→ **Exercise directions**
Every line from the top of the material through the line holding "MATLAB path %" should be copied exactly, and only those lines.

→ **Records shown**
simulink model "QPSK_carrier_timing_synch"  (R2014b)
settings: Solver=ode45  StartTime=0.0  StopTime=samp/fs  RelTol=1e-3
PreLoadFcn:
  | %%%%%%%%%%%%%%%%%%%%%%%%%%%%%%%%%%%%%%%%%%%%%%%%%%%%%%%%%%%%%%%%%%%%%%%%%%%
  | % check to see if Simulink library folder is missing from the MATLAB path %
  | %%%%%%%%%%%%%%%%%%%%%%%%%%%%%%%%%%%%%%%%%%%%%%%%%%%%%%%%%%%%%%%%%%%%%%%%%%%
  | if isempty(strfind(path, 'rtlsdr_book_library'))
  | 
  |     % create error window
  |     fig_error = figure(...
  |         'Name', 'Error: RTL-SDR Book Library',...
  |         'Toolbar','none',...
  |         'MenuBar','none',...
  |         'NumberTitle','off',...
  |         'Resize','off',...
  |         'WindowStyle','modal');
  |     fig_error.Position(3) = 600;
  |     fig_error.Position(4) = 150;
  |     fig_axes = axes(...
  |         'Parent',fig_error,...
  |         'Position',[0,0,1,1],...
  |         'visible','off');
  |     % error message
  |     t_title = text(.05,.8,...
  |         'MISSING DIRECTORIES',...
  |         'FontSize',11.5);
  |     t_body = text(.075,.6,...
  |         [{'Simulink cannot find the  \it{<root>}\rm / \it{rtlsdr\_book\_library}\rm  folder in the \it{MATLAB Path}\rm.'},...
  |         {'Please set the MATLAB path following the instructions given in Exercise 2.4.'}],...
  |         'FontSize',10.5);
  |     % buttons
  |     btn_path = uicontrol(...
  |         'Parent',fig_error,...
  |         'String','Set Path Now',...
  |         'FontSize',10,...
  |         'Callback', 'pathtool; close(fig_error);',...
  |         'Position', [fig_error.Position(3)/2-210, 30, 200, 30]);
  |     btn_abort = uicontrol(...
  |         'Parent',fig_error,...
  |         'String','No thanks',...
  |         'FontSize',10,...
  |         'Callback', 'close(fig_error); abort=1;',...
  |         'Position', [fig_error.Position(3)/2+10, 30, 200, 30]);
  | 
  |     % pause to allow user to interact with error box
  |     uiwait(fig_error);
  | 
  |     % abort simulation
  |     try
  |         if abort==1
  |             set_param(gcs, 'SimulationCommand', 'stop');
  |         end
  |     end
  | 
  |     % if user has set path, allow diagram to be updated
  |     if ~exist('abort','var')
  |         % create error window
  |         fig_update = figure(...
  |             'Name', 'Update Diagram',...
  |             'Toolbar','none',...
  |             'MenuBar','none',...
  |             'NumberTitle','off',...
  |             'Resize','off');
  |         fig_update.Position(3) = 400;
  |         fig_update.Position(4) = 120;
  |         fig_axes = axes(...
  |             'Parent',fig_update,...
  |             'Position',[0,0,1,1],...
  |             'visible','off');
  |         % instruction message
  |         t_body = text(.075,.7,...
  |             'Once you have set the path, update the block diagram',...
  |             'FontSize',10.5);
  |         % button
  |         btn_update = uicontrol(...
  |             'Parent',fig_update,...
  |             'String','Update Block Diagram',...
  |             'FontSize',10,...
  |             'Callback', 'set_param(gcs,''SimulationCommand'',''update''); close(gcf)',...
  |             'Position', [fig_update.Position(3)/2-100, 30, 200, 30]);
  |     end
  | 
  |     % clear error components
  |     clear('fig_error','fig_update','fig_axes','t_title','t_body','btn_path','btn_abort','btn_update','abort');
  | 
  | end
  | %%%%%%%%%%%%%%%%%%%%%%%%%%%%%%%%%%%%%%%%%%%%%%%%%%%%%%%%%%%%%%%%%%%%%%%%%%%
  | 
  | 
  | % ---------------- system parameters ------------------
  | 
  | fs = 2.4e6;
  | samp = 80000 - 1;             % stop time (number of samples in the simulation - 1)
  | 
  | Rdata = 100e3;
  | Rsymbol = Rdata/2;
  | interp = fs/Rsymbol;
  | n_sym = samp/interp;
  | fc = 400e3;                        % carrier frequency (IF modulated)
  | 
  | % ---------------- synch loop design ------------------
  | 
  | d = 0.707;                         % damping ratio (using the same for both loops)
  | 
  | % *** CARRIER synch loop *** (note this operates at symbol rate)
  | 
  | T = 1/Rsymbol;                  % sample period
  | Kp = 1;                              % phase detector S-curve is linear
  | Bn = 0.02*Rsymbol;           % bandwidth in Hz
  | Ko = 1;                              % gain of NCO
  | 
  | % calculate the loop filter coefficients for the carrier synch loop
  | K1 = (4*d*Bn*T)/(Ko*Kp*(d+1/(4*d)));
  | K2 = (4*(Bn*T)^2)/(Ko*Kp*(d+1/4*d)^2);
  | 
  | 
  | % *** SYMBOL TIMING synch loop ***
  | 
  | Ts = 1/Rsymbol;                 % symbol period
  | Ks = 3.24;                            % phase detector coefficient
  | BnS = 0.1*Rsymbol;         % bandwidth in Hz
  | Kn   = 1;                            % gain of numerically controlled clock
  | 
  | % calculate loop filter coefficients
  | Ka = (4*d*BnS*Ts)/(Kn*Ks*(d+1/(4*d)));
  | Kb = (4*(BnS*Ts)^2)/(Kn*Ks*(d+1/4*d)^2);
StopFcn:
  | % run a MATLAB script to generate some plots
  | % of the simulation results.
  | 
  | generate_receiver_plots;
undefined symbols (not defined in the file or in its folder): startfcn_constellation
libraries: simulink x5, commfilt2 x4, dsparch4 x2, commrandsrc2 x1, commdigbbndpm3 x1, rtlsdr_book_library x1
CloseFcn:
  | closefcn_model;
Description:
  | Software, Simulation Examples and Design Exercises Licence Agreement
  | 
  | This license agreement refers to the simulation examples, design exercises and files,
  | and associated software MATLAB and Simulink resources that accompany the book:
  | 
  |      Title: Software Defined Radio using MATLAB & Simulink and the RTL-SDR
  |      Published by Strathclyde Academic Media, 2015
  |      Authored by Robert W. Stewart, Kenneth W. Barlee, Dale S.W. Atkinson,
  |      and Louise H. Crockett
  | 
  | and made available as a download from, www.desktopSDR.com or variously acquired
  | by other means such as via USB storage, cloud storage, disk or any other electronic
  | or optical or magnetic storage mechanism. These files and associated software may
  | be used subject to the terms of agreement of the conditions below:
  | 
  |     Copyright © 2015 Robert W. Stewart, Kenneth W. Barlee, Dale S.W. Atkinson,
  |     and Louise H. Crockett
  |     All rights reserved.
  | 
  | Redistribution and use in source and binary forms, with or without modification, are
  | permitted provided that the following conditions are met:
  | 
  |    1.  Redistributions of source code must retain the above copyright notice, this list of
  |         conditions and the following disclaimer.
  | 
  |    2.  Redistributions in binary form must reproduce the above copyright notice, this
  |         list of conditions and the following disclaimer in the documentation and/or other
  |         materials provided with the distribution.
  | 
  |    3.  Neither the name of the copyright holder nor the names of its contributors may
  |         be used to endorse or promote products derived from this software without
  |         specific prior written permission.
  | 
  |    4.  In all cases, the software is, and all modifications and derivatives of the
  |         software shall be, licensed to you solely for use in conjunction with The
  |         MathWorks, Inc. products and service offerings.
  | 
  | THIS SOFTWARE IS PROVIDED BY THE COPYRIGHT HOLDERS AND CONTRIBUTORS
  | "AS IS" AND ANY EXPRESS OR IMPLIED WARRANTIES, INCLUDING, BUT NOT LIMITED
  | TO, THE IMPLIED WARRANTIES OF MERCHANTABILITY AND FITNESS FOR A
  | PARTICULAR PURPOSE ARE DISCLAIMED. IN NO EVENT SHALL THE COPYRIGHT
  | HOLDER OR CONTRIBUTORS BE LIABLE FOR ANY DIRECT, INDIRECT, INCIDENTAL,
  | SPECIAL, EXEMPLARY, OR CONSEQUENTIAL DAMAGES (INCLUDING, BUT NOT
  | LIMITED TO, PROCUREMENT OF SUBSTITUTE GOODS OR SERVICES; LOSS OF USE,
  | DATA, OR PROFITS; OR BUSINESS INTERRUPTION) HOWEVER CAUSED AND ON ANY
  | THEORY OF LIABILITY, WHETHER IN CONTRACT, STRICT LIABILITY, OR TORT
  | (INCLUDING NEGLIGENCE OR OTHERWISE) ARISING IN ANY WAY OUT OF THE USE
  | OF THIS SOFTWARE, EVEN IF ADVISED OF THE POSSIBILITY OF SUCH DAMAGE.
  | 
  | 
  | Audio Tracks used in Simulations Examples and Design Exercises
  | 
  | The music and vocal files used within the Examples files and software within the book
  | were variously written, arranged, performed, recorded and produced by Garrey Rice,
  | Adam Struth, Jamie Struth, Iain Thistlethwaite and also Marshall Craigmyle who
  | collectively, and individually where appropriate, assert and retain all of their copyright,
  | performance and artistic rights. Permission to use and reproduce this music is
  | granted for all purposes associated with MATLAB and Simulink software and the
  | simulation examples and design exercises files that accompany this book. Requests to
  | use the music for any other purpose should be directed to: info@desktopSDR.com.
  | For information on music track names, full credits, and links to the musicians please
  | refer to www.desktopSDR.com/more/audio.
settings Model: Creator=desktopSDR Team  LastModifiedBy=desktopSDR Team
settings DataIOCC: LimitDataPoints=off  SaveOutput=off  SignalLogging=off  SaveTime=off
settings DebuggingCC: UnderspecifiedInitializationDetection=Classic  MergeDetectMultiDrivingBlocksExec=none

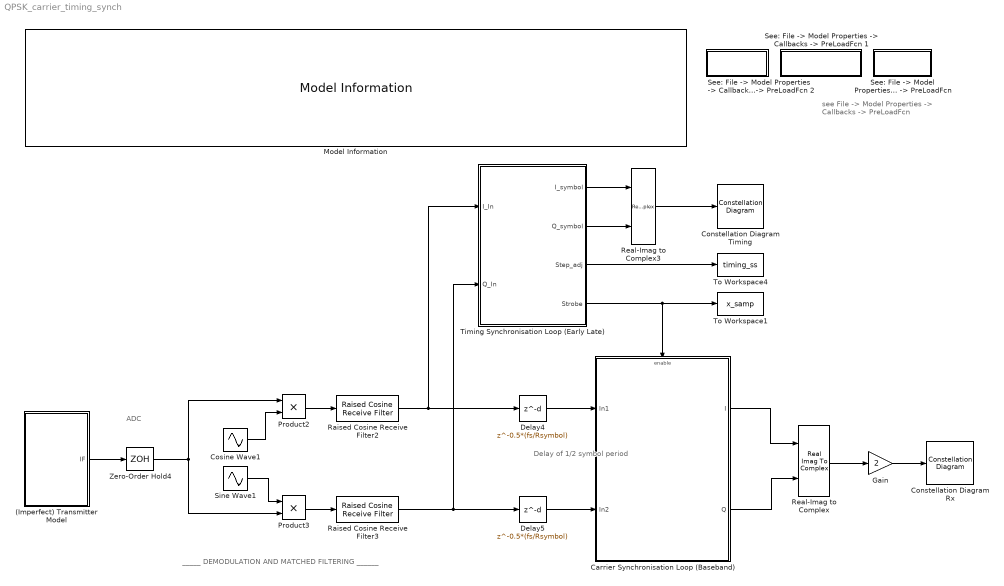
== system QPSK_carrier_timing_synch ==
  note: _____ DEMODULATION AND MATCHED FILTERING ______
  note: Delay of 1/2
      | symbol period
  note: ADC
  note: see File -> Model Properties
      | -> Callbacks -> PreLoadFcn
  (Imperfect) Transmitter Model : Subsystem  mask(Model of a QPSK Transmitter with Timing and Frequency Offsets){T_error=50, F_error=-200}
      mask prompts: T_error "Timing Error (ppm)"; F_error "Frequency Error (Hz)"
      mask help:
      | Enter the timing and frequency offsets that apply to the received signal.
      |
      | Both of these can be negative or positive values. Negative means that the timing / frequency of the transmitter is lower than expected.
      mask init:
      | T_Offset = 1+(T_error/1e6);
      | F_Offset = F_error;
  Carrier Synchronisation Loop (Baseband) : Subsystem
  Constellation Diagram Rx : ConstellationDiagram  StartFcn=startfcn_constellation;
  Constellation Diagram Timing : ConstellationDiagram  StartFcn=startfcn_constellation;
  Cosine Wave1 : Sin  Amplitude=sqrt(2)  Frequency=fc*2*pi  Phase=pi/2  SampleTime=1/fs
  Delay4 : Delay  DelayLength=0.5*(fs/Rsymbol)
  Delay5 : Delay  DelayLength=0.5*(fs/Rsymbol)
  Gain : Gain  Gain=2
  Model Information : rtlsdr_book_library/Additional Tools/Model Information/Model Information
  Product2 : Product
  Product3 : Product
  Raised Cosine Receive Filter2 : commfilt2/Raised Cosine Receive Filter  filtType=Square root  N=interp  filtSpan=12  currentFiltSpan=12  D=(12)/2  R=0.35  sampMode=Mute  saveAsFlag=0  rateMode=Downsampling  downFactor=1  downOffset=0  framing=Allow multirate processing  checkGain=Normalized  filterGain=1  checkCoeff=off  variableName=rcRxFilt2  launchFVT=on  roundingMode=Floor  overflowMode=off
  Raised Cosine Receive Filter3 : commfilt2/Raised Cosine Receive Filter  filtType=Square root  N=interp  filtSpan=12  currentFiltSpan=12  D=(12)/2  R=0.35  sampMode=Mute  saveAsFlag=0  rateMode=Downsampling  downFactor=1  downOffset=0  framing=Allow multirate processing  checkGain=Normalized  filterGain=1  checkCoeff=off  variableName=rcRxFilt3  launchFVT=on  roundingMode=Floor  overflowMode=off
  Real-Imag to Complex : RealImagToComplex
  Real-Imag to Complex3 : RealImagToComplex
  "See: File -> Model Properties -> Callbacks -> PreLoadFcn " : Subsystem
      mask Display:
      | fs = evalin('base', 'fs');
      | fprintf(['fs = ',num2str(fs/1e6),' MHz']);
  "See: File -> Model Properties -> Callbacks -> PreLoadFcn 1" : Subsystem
      mask Display:
      | Rsymbol = evalin('base', 'Rsymbol');
      | fprintf(['Rsymbol = ',num2str(Rsymbol/1e3),' ksps']);
  "See: File -> Model Properties -> Callbacks -> PreLoadFcn 2" : Subsystem
      mask Display:
      | Rsymbol = evalin('base', 'Rsymbol');
      | fs = evalin('base', 'fs');
      | fprintf(['OSR = ',num2str(fs/Rsymbol)]);
  Sine Wave1 : Sin  Amplitude=sqrt(2)  Frequency=fc*2*pi  SampleTime=1/fs
  Timing Synchronisation Loop (Early Late) : Subsystem  mask(Early Late Timing Error Detector){OSR=fs/Rsymbol, Ka=Ka, Kb=Kb}
      mask prompts: OSR "Oversampling ratio (even integer value)"; Ka "Ka (Loop Filter proportial gain)"; Kb "Kb (Loop Filter integral gain)"
      mask help:
      | This TED works with quadrature (I and Q) inputs and generates a strobe for sampling the punctual branch at the optimal timing instants.
      |
      | The model can be parameterised in terms of the oversampling ratio and the design of the timing PLL.
      |
      | Note that the oversampling ratio must be an EVEN INTEGER value.
  To Workspace1 : ToWorkspace  VariableName=x_samp  SaveFormat=Structure With Time  SampleTime=1/fs
  To Workspace4 : ToWorkspace  VariableName=timing_ss  SaveFormat=Structure With Time  SampleTime=1/fs
  Zero-Order Hold4 : ZeroOrderHold  SampleTime=1/fs
  wires:
  Real-Imag to Complex/1 -> Gain/1
  Gain/1 -> Constellation Diagram Rx/1
  Cosine Wave1/1 -> Product2/2
  Sine Wave1/1 -> Product3/1
  Carrier Synchronisation Loop (Baseband)/1(I) -> Real-Imag to Complex/1
  Carrier Synchronisation Loop (Baseband)/2(Q) -> Real-Imag to Complex/2
  Delay4/1 -> Carrier Synchronisation Loop (Baseband)/1(In1)
  Delay5/1 -> Carrier Synchronisation Loop (Baseband)/2(In2)
  Product2/1 -> Raised Cosine Receive Filter2/1
  Product3/1 -> Raised Cosine Receive Filter3/1
  Raised Cosine Receive Filter2/1 -> Timing Synchronisation Loop (Early Late)/1(I_In), Delay4/1
  Raised Cosine Receive Filter3/1 -> Delay5/1, Timing Synchronisation Loop (Early Late)/2(Q_In)
  Zero-Order Hold4/1 -> Product2/1, Product3/2
  (Imperfect) Transmitter Model/1(IF) -> Zero-Order Hold4/1
  Timing Synchronisation Loop (Early Late)/4(Strobe) -> To Workspace1/1, Carrier Synchronisation Loop (Baseband)/Enable
  Timing Synchronisation Loop (Early Late)/1(I_symbol) -> Real-Imag to Complex3/1
  Timing Synchronisation Loop (Early Late)/2(Q_symbol) -> Real-Imag to Complex3/2
  Real-Imag to Complex3/1 -> Constellation Diagram Timing/1
  Timing Synchronisation Loop (Early Late)/3(Step_adj) -> To Workspace4/1

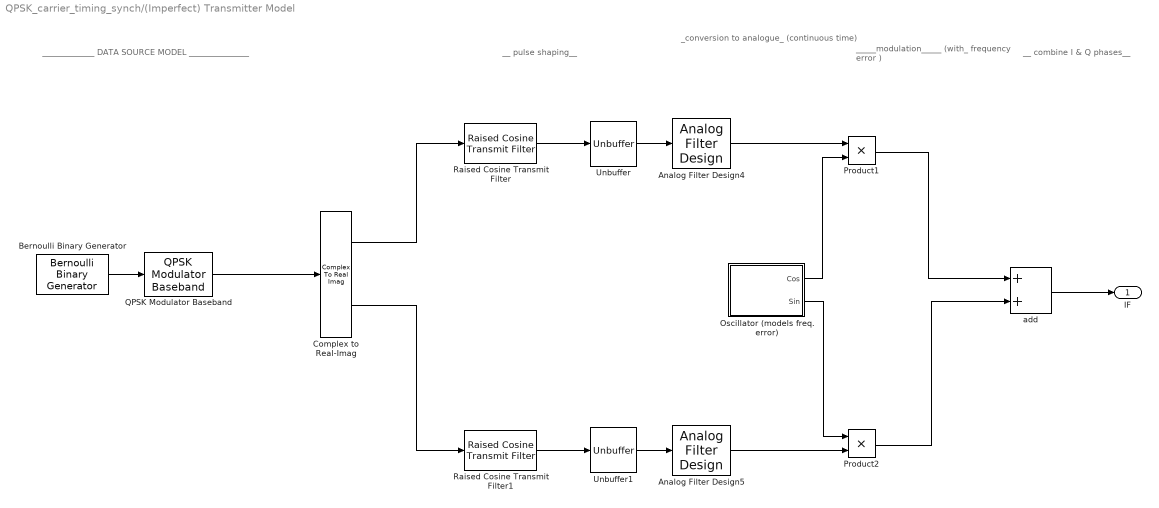
== system QPSK_carrier_timing_synch/(Imperfect) Transmitter Model ==
  note: _____________ DATA SOURCE MODEL _______________
  note: _conversion to analogue_
      | (continuous time)
  note: __ pulse shaping__
  note: _____modulation_____
      | (with_ frequency error )
  note: __ combine I & Q phases__
  Analog Filter Design4 : dsparch4/Analog Filter Design  method=Butterworth  filttype=Lowpass  N=8  Wlo=2*pi*Rsymbol*T_Offset  Whi=80  Rp=2  Rs=40
  Analog Filter Design5 : dsparch4/Analog Filter Design  method=Butterworth  filttype=Lowpass  N=8  Wlo=2*pi*Rsymbol*T_Offset  Whi=80  Rp=2  Rs=40
  Bernoulli Binary Generator : commrandsrc2/Bernoulli Binary Generator  P=0.5  seed=61  Ts=1/(T_Offset*Rdata)  frameBased=on  sampPerFrame=2  orient=off  outDataType=double
  Complex to Real-Imag : ComplexToRealImag
  Oscillator (models freq. error) : Subsystem
  Product1 : Product
  Product2 : Product
  QPSK Modulator Baseband : commdigbbndpm3/QPSK Modulator Baseband  InType=Bit  Enc=Gray  Ph=pi/4  outDtype=double  outWordLen=16  outUDDataType=sfix(16)  outFracLenMode=Best precision  outFracLen=15
  Raised Cosine Transmit Filter : commfilt2/Raised Cosine Transmit Filter  filtType=Square root  filtSpan=12  currentFiltSpan=12  D=(12)/2  R=0.35  sampMode=Mute  saveAsFlag=0  N=fs/Rsymbol  framing=Allow multirate processing  InputProcessing=Columns as channels (frame based)  checkGain=Normalized  filterGain=1  checkCoeff=off  variableName=rcTxFilt  launchFVT=on  roundingMode=Floor  overflowMode=off
  Raised Cosine Transmit Filter1 : commfilt2/Raised Cosine Transmit Filter  filtType=Square root  filtSpan=12  currentFiltSpan=12  D=(12)/2  R=0.35  sampMode=Mute  saveAsFlag=0  N=fs/Rsymbol  framing=Allow multirate processing  InputProcessing=Columns as channels (frame based)  checkGain=Normalized  filterGain=1  checkCoeff=off  variableName=rcTxFilt1  launchFVT=on  roundingMode=Floor  overflowMode=off
  Unbuffer : Unbuffer  SampleBasedProcessing=Same as frame based
  Unbuffer1 : Unbuffer  SampleBasedProcessing=Same as frame based
  add : Sum
  IF : Outport
  wires:
  Raised Cosine Transmit Filter1/1 -> Unbuffer1/1
  Complex to Real-Imag/2 -> Raised Cosine Transmit Filter1/1
  Complex to Real-Imag/1 -> Raised Cosine Transmit Filter/1
  Bernoulli Binary Generator/1 -> QPSK Modulator Baseband/1
  Raised Cosine Transmit Filter/1 -> Unbuffer/1
  Product1/1 -> add/1
  Analog Filter Design4/1 -> Product1/1
  Analog Filter Design5/1 -> Product2/2
  Product2/1 -> add/2
  add/1 -> IF/1
  Oscillator (models freq. error)/1(Cos) -> Product1/2
  Oscillator (models freq. error)/2(Sin) -> Product2/1
  QPSK Modulator Baseband/1 -> Complex to Real-Imag/1
  Unbuffer/1 -> Analog Filter Design4/1
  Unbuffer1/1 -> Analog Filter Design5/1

→ **Response to this exercise**
simulink model "QPSK_carrier_timing_synch"  (R2014b)
settings: Solver=ode45  StartTime=0.0  StopTime=samp/fs  RelTol=1e-3
PreLoadFcn:
  | %%%%%%%%%%%%%%%%%%%%%%%%%%%%%%%%%%%%%%%%%%%%%%%%%%%%%%%%%%%%%%%%%%%%%%%%%%%
  | % check to see if Simulink library folder is missing from the MATLAB path %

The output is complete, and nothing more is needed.